*TASK DESCRIPTION:* All lines from the one with "0) x (0, 0, 1)" through the last line of the data below should be copied exactly; please add nothing.

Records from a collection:
----------

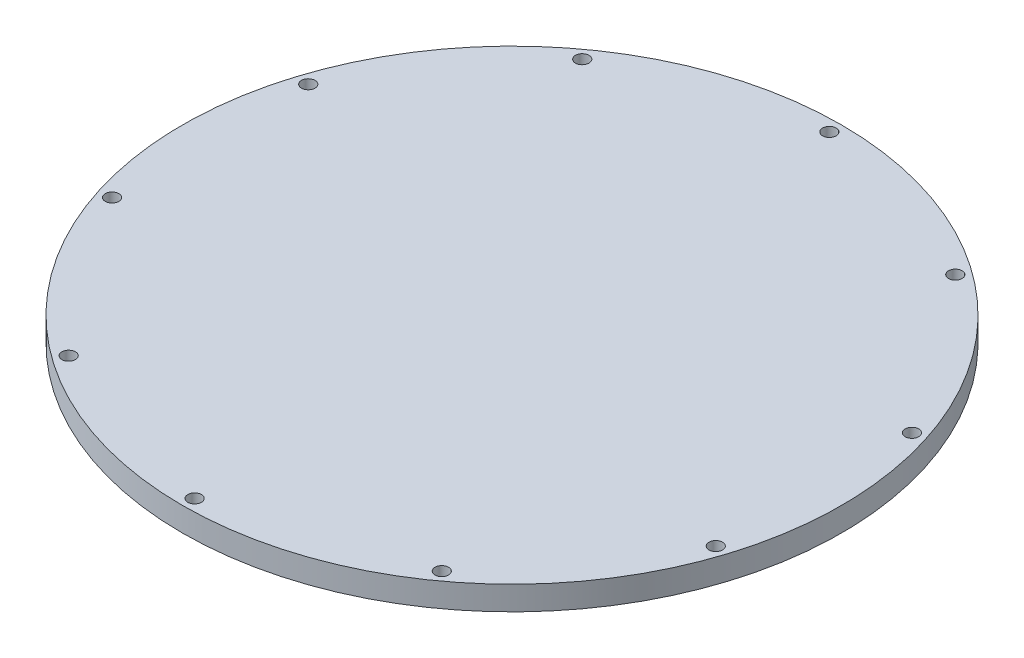
SolidWorks part; units mm, degrees
material "Acrylic (Medium-high impact)"
ref_plane "Front Plane" through (0, 0, 0) normal (0, 0, 1) x (1, 0, 0)
ref_plane "Top Plane" through (0, 0, 0) normal (0, 1, 0) x (1, 0, 0)
ref_plane "Right Plane" through (0, 0, 0) normal (1, 0, 0) x (0, 0, -1)
sketch "Sketch1" plane through (0, 0, 0) normal (0, 1, 0) x (1, 0, 0)
  line L0 (0, 0) -> (0, 79.5) construction
  line L1 (0, 0) -> (46.7289, 64.3169) construction
  circle A0 centre (0, 0) radius 79.5 construction
  circle A1 centre (0, 0) radius 82.55
  point P4 (0, 79.5)
  point P5 (46.7289, 64.3169)
  point P8 (75.609, 24.5669)
  point P9 (75.609, -24.5669)
  point P10 (46.7289, -64.3169)
  point P11 (0, -79.5)
  point P12 (-46.7289, -64.3169)
  point P13 (-75.609, -24.5669)
  point P14 (-75.609, 24.5669)
  point P15 (-46.7289, 64.3169)
  point P16 (0, 0)
  dimension "D1" = 159
  dimension "D2" = 165.1
  dimension "D4" = 36
  dimension "D3" = 10
extrude "Boss-Extrude1" add sketch "Sketch1" along normal mid plane 6
hole_wizard "M3 Clearance Hole1" positions "Sketch2" profile "Sketch3" hole size "M3" standard "ANSI Metric" end condition through all
sketch "Sketch2" plane through (0, 3, 0) normal (0, 1, 0) x (1, 0, 0)
  point P0 (0, 79.5)
  point P3 (46.7289, 64.3169)
  point P6 (75.609, 24.5669)
  point P9 (75.609, -24.5669)
  point P12 (46.7289, -64.3169)
  point P15 (0, -79.5)
  point P18 (-46.7289, -64.3169)
  point P21 (-75.609, -24.5669)
  point P24 (-75.609, 24.5669)
  point P27 (-46.7289, 64.3169)
sketch "Sketch3" plane through (0, 3, -79.5) normal (1, 0, 0) x (0, 0, 1)
  line L0 (0, 0) -> (0, 6)
  line L1 (0, 6) -> (1.7, 6)
  line L2 (1.7, 6) -> (1.7, 0)
  line L5 (1.7, 0) -> (0, 0)
  line L11 (0, -6.35) -> (0, 107.95) construction
  dimension "Thru Hole Dia." = 3.4
  dimension "Thru Hole Depth" = 6

----------

*EXERCISE SOLUTION:*
sketch "Sketch3" plane through (0, 3, -79.5) normal (1, 0, 0) x (0, 0, 1)
  line L0 (0, 0) -> (0, 6)
  line L1 (0, 6) -> (1.7, 6)
  line L2 (1.7, 6) -> (1.7, 0)
  line L5 (1.7, 0) -> (0, 0)
  line L11 (0, -6.35) -> (0, 107.95) construction
  dimension "Thru Hole Dia." = 3.4
  dimension "Thru Hole Depth" = 6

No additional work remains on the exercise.